Still there are things she does not understand. I cannot even imagine how in a split second she got this silly toy stuck to her finger, how she ever got it over her knuckle to begin with or how she didn't think, "This isn't going on, maybe I should not push it."
Pieces don't always connect for her. What seems logical to you, me, heck even Mr. B - they're not so logical to her.
One thing I've heard over and over this year, with school is that she doesn't fit any certain criteria. She may struggle with one thing, but do great with another part of the same things, like letters. Her teacher gave me this example, when identifing letters - Addi could id the letter 'v', later during a writing assignment - she asked how to spell 'cave' and the teacher prompted her 'c...a...v...e....", she wrote the letter 'v' without having it pointed out to her. It's hard even for them to find the pieces.
I don't know how to accurately explain today, because it wasn't just the toy stuck to her finger after that. It all went down hill. She's been extra emotional today. Into everything. As in, cannot be left alone for a split second without doing something she knows is off limits.
- Much like the night she emptied all the groceries from the fridge and laid them on the floor. Because 'you're not supposed to put the grocery bags in the fridge and I wanted to help.' Except she missed the part about putting all the stuff back in the fridge, sans bags.
- Or the times she sleep walks and tours the whole house. Thankfully, most of the time, if I don't hear her, Remi does and lets us know.
Most nights, Addi (and Blake) find their way into our bed. I sleep horribly but, I know they're safe. Addison is usually wrapped so tightly to me that I know when she moves. So yeah, it sucks sometimes, but I'm ok with it.
We're all learning and adapting.
Yes some of it is typical 5/6 year old behavior. And it's ok. It really is. But some days are really really hard.
Today was one of those days.
When you have a child with any kind of special needs, it's hard for other people to relate. Hard for them to understand. And sometimes that comes across in odd ways. So, know I'm not being mean or rude when I say we can't do certain things or my kids can't have certain things. I'm not crazy, I'm not overprotective. I'm just the one who spends the bulk of time with them and I know their needs. I can usually predict their reactions to things. (Usually ;) ). My only goal in life is to keep them alive and healthy and happy. Nothing else matters. Really.
Wednesday, August 24, 2016
I just have too many words.
Yup, themes will be shifting gears here, I've still got to figure out how I want to do that, but - here's a little something about the twins....
They started K this year. It's full day which means I've got a lot of time on my hands now.

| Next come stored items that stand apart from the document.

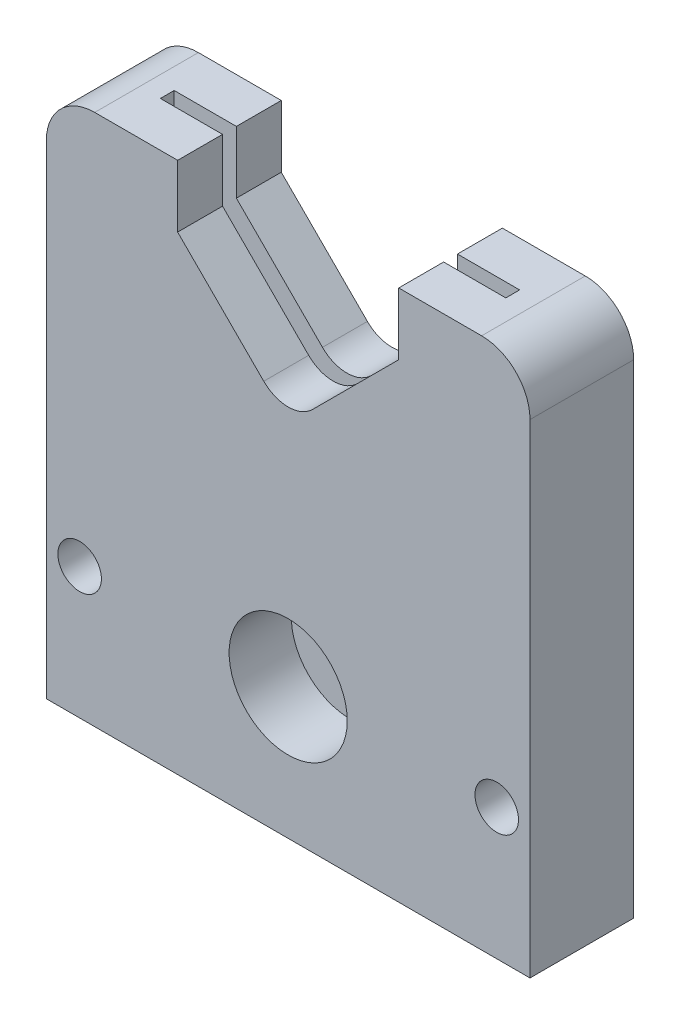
from build123d import *

# Parameters (mm, degrees)
SKETCH2_W               = 70
SKETCH2_H               = 70
BOSS_EXTRUDE1_DEPTH     = 15
FILLET1_R               = 7
FILLET2_R               = 7
CUT_EXTRUDE3_DEPTH      = 101.124921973
CUT_EXTRUDE3_DEPTH_BACK = 101.124921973
SKETCH4_R               = 3.15
CUT_EXTRUDE11_DEPTH     = 20
SKETCH20_R              = 8.55
CUT_EXTRUDE12_DEPTH     = 9
SKETCH21_W              = 70
SKETCH21_H              = 15
BOSS_EXTRUDE4_DEPTH     = 7
SKETCH25_W              = 50
SKETCH25_H              = 2
CUT_EXTRUDE14_DEPTH     = 25


with BuildPart() as part:
    # Sketch2 → Boss-Extrude1 (new body)
    with BuildSketch(Plane.XY):
        with Locations((35, 35)):
            Rectangle(SKETCH2_W, SKETCH2_H)
    extrude(amount=BOSS_EXTRUDE1_DEPTH)

    # Fillet1
    fillet1_edges = [part.edges().sort_by_distance(p)[0] for p in [
        (70, 70, 7.5),
    ]]
    fillet(fillet1_edges, radius=FILLET1_R)

    # Fillet2
    fillet2_edges = [part.edges().sort_by_distance(p)[0] for p in [
        (0, 70, 7.5),
    ]]
    fillet(fillet2_edges, radius=FILLET2_R)

    # Sketch6 → Cut-Extrude3 (cut, two sides: drawn at the far end of the back side and taken through both)
    with BuildSketch(Plane.XY.offset(15).offset(-CUT_EXTRUDE3_DEPTH_BACK)):
        with BuildLine():
            Line((19, 253.216627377), (19, 70))
            Line((19, 70), (19, 61))
            Line((19, 61), (31.464466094, 48.535533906))
            ThreePointArc((31.464466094, 48.535533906), (35, 47.071067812), (38.535533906, 48.535533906))
            Line((38.535533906, 48.535533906), (51, 61))
            Line((51, 61), (51, 70))
            Line((51, 70), (51, 253.216627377))
            Line((51, 253.216627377), (51, 619.649882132))
            Line((51, 619.649882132), (19, 619.649882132))
            Line((19, 619.649882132), (19, 253.216627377))
        make_face()
    extrude(amount=CUT_EXTRUDE3_DEPTH + CUT_EXTRUDE3_DEPTH_BACK, mode=Mode.SUBTRACT)

    # Sketch4 → Cut-Extrude11 (cut)
    with BuildSketch(Plane.XY.offset(15)):
        with Locations((4.815, 12)):
            Circle(SKETCH4_R)
        with Locations((65.185, 12)):
            Circle(SKETCH4_R)
    extrude(amount=-CUT_EXTRUDE11_DEPTH, mode=Mode.SUBTRACT)

    # Sketch20 → Cut-Extrude12 (cut)
    with BuildSketch(Plane.XY.offset(15)):
        with Locations((35, 12)):
            Circle(SKETCH20_R)
    extrude(amount=-CUT_EXTRUDE12_DEPTH, mode=Mode.SUBTRACT)

    # Sketch21 → Boss-Extrude4 (add)
    with BuildSketch(Plane.XZ):
        with Locations((35, 7.5)):
            Rectangle(SKETCH21_W, SKETCH21_H)
    extrude(amount=BOSS_EXTRUDE4_DEPTH)

    # Sketch25 → Cut-Extrude14 (cut)
    with BuildSketch(Plane(origin=(0, 70, 0), x_dir=(1, 0, 0), z_dir=(0, 1, 0))):
        with Locations((35, -7.5)):
            Rectangle(SKETCH25_W, SKETCH25_H)
    extrude(amount=-CUT_EXTRUDE14_DEPTH, mode=Mode.SUBTRACT)


solid = part.part
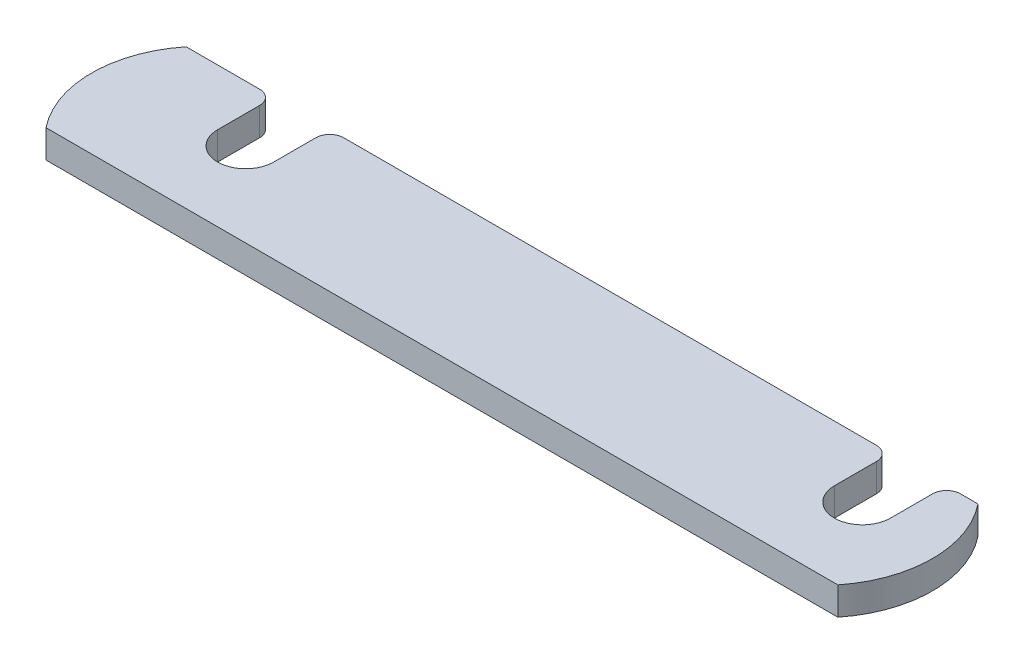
ISO-10303-21;
HEADER;
FILE_DESCRIPTION(('STEP AP214'),'2;1');
FILE_NAME('part.step','',(''),(''),'','','');
FILE_SCHEMA(('AUTOMOTIVE_DESIGN { 1 0 10303 214 1 1 1 1 }'));
ENDSEC;
DATA;
#1=APPLICATION_CONTEXT('core data for automotive mechanical design processes');
#2=APPLICATION_PROTOCOL_DEFINITION('international standard','automotive_design',2000,#1);
#3=PRODUCT_CONTEXT('',#1,'mechanical');
#4=PRODUCT('Part','Part','',(#3));
#5=PRODUCT_RELATED_PRODUCT_CATEGORY('part','',(#4));
#6=PRODUCT_DEFINITION_FORMATION('','',#4);
#7=PRODUCT_DEFINITION_CONTEXT('part definition',#1,'design');
#8=PRODUCT_DEFINITION('design','',#6,#7);
#9=PRODUCT_DEFINITION_SHAPE('','',#8);
#10=(LENGTH_UNIT() NAMED_UNIT(*) SI_UNIT(.MILLI.,.METRE.));
#11=(NAMED_UNIT(*) PLANE_ANGLE_UNIT() SI_UNIT($,.RADIAN.));
#12=(NAMED_UNIT(*) SI_UNIT($,.STERADIAN.) SOLID_ANGLE_UNIT());
#13=UNCERTAINTY_MEASURE_WITH_UNIT(LENGTH_MEASURE(1.E-05),#10,'distance_accuracy_value','');
#14=(GEOMETRIC_REPRESENTATION_CONTEXT(3) GLOBAL_UNCERTAINTY_ASSIGNED_CONTEXT((#13)) GLOBAL_UNIT_ASSIGNED_CONTEXT((#10,
#11,#12)) REPRESENTATION_CONTEXT('',''));
#15=CARTESIAN_POINT('',(0.,0.,0.));
#16=DIRECTION('',(0.,0.,1.));
#17=DIRECTION('',(1.,0.,0.));
#18=AXIS2_PLACEMENT_3D('',#15,#16,#17);
#19=CARTESIAN_POINT('',(27.,2.,-4.));
#20=DIRECTION('',(0.,-1.,0.));
#21=DIRECTION('',(0.,0.,-1.));
#22=AXIS2_PLACEMENT_3D('',#19,#20,#21);
#23=CYLINDRICAL_SURFACE('',#22,1.);
#24=CARTESIAN_POINT('',(27.,0.,-4.));
#25=DIRECTION('',(0.,1.,0.));
#26=DIRECTION('',(0.,0.,-1.));
#27=AXIS2_PLACEMENT_3D('',#24,#25,#26);
#28=CIRCLE('',#27,1.);
#29=CARTESIAN_POINT('',(27.,0.,-5.));
#30=VERTEX_POINT('',#29);
#31=CARTESIAN_POINT('',(26.,0.,-3.99999999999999));
#32=VERTEX_POINT('',#31);
#33=EDGE_CURVE('E178',#30,#32,#28,.T.);
#34=ORIENTED_EDGE('',*,*,#33,.T.);
#35=DIRECTION('',(0.,-1.,0.));
#36=VECTOR('',#35,1.);
#37=CARTESIAN_POINT('',(26.,2.,-3.99999999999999));
#38=LINE('',#37,#36);
#39=CARTESIAN_POINT('',(26.,2.,-3.99999999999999));
#40=VERTEX_POINT('',#39);
#41=EDGE_CURVE('E11',#40,#32,#38,.T.);
#42=ORIENTED_EDGE('',*,*,#41,.F.);
#43=CARTESIAN_POINT('',(27.,2.,-4.));
#44=DIRECTION('',(0.,1.,0.));
#45=DIRECTION('',(0.,0.,-1.));
#46=AXIS2_PLACEMENT_3D('',#43,#44,#45);
#47=CIRCLE('',#46,1.);
#48=CARTESIAN_POINT('',(27.,2.,-5.));
#49=VERTEX_POINT('',#48);
#50=EDGE_CURVE('E208',#49,#40,#47,.T.);
#51=ORIENTED_EDGE('',*,*,#50,.F.);
#52=DIRECTION('',(0.,-1.,0.));
#53=VECTOR('',#52,1.);
#54=CARTESIAN_POINT('',(27.,2.,-5.));
#55=LINE('',#54,#53);
#56=EDGE_CURVE('E174',#49,#30,#55,.T.);
#57=ORIENTED_EDGE('',*,*,#56,.T.);
#58=EDGE_LOOP('',(#34,#42,#51,#57));
#59=FACE_BOUND('',#58,.T.);
#60=ADVANCED_FACE('F34',(#59),#23,.T.);
#61=CARTESIAN_POINT('',(26.,2.,-3.99999999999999));
#62=DIRECTION('',(1.,0.,0.));
#63=DIRECTION('',(0.,0.,-1.));
#64=AXIS2_PLACEMENT_3D('',#61,#62,#63);
#65=PLANE('',#64);
#66=DIRECTION('',(0.,0.,1.));
#67=VECTOR('',#66,1.);
#68=CARTESIAN_POINT('',(26.,0.,-3.99999999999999));
#69=LINE('',#68,#67);
#70=CARTESIAN_POINT('',(26.,0.,-0.999999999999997));
#71=VERTEX_POINT('',#70);
#72=EDGE_CURVE('E181',#32,#71,#69,.T.);
#73=ORIENTED_EDGE('',*,*,#72,.T.);
#74=DIRECTION('',(0.,-1.,0.));
#75=VECTOR('',#74,1.);
#76=CARTESIAN_POINT('',(26.,2.,-0.999999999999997));
#77=LINE('',#76,#75);
#78=CARTESIAN_POINT('',(26.,2.,-0.999999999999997));
#79=VERTEX_POINT('',#78);
#80=EDGE_CURVE('E42',#79,#71,#77,.T.);
#81=ORIENTED_EDGE('',*,*,#80,.F.);
#82=DIRECTION('',(0.,0.,1.));
#83=VECTOR('',#82,1.);
#84=CARTESIAN_POINT('',(26.,2.,-3.99999999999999));
#85=LINE('',#84,#83);
#86=EDGE_CURVE('E117',#40,#79,#85,.T.);
#87=ORIENTED_EDGE('',*,*,#86,.F.);
#88=ORIENTED_EDGE('',*,*,#41,.T.);
#89=EDGE_LOOP('',(#73,#81,#87,#88));
#90=FACE_BOUND('',#89,.T.);
#91=ADVANCED_FACE('F306',(#90),#65,.F.);
#92=CARTESIAN_POINT('',(24.,2.,-0.999999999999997));
#93=DIRECTION('',(0.,-1.,0.));
#94=DIRECTION('',(0.,0.,-1.));
#95=AXIS2_PLACEMENT_3D('',#92,#93,#94);
#96=CYLINDRICAL_SURFACE('',#95,2.);
#97=CARTESIAN_POINT('',(24.,0.,-0.999999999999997));
#98=DIRECTION('',(0.,-1.,0.));
#99=DIRECTION('',(0.,0.,1.));
#100=AXIS2_PLACEMENT_3D('',#97,#98,#99);
#101=CIRCLE('',#100,2.);
#102=CARTESIAN_POINT('',(22.,0.,-0.999999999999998));
#103=VERTEX_POINT('',#102);
#104=EDGE_CURVE('E183',#71,#103,#101,.T.);
#105=ORIENTED_EDGE('',*,*,#104,.T.);
#106=DIRECTION('',(0.,-1.,0.));
#107=VECTOR('',#106,1.);
#108=CARTESIAN_POINT('',(22.,2.,-0.999999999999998));
#109=LINE('',#108,#107);
#110=CARTESIAN_POINT('',(22.,2.,-0.999999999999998));
#111=VERTEX_POINT('',#110);
#112=EDGE_CURVE('E239',#111,#103,#109,.T.);
#113=ORIENTED_EDGE('',*,*,#112,.F.);
#114=CARTESIAN_POINT('',(24.,2.,-0.999999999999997));
#115=DIRECTION('',(0.,-1.,0.));
#116=DIRECTION('',(0.,0.,1.));
#117=AXIS2_PLACEMENT_3D('',#114,#115,#116);
#118=CIRCLE('',#117,2.);
#119=EDGE_CURVE('E247',#79,#111,#118,.T.);
#120=ORIENTED_EDGE('',*,*,#119,.F.);
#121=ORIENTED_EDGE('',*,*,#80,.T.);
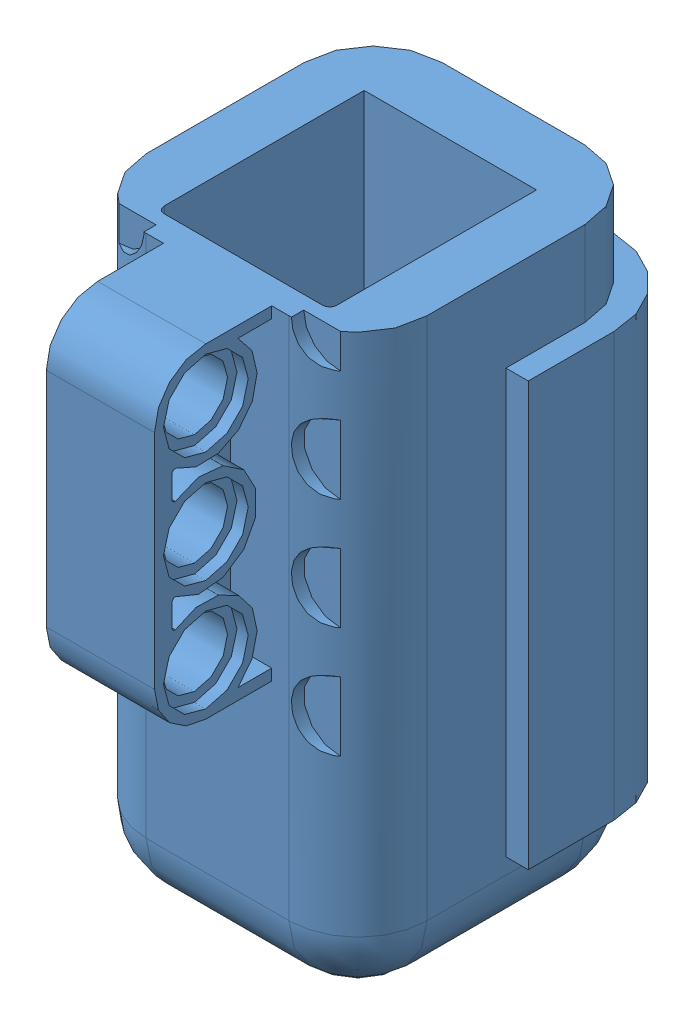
SolidWorks assembly Assem3.sldasm, configuration Default (file format 3100). Lengths in mm.
Overall size (24.05 48.07 31.6).
2 component instances, 2 part files, 3 mates.
Components (placement in the parent):
- sensor_touch_body-1: sensor_touch_body.SLDPRT [Default] at (1.3706 4.2091 -3.5828) size (24.05 45.24 31.6)
- sensor_touch_button-1: sensor_touch_button.SLDPRT [Default] at (1.3706 -12.2909 -3.5828) x (0.003259 0 -0.999995) z (-0.999995 0 -0.003259) size (16.15 9.9 16.15)
Mates (geometry in assembly coordinates):
- Distance1: distance = 5 mm anti-aligned: plane of sensor_touch_body-1; plane of sensor_touch_button-1
- Concentric1: concentric anti-aligned: cylinder of sensor_touch_body-1; cylinder of sensor_touch_button-1
- Coincident2: coincident: point of sensor_touch_body-1; plane of sensor_touch_button-1

This is what I posted on FB the day they started school....
"There were days when we wondered... would they walk, would they talk? What would be Addison's cognitive abilities? Six years ago, they were literally very tiny little embryos growing. Five years ago they were home and we were elbows deep in feeding tubes, counting calories and every therapy service under the sun as well as countless doctor's appts.
We still worried and wondered.
Today, I watched as they walked inside school, hand in hand. Tomorrow, they'll get on the 'big kid bus' and they'll be gone all day.
I'll cry, I'll miss them like crazy, and I'll worry. But above all, I'll rejoice because out of all of the darkness - the infertility, the IVF, the high risk pregnancy and the NICU stay - there has come so much light. So much hope. And growth.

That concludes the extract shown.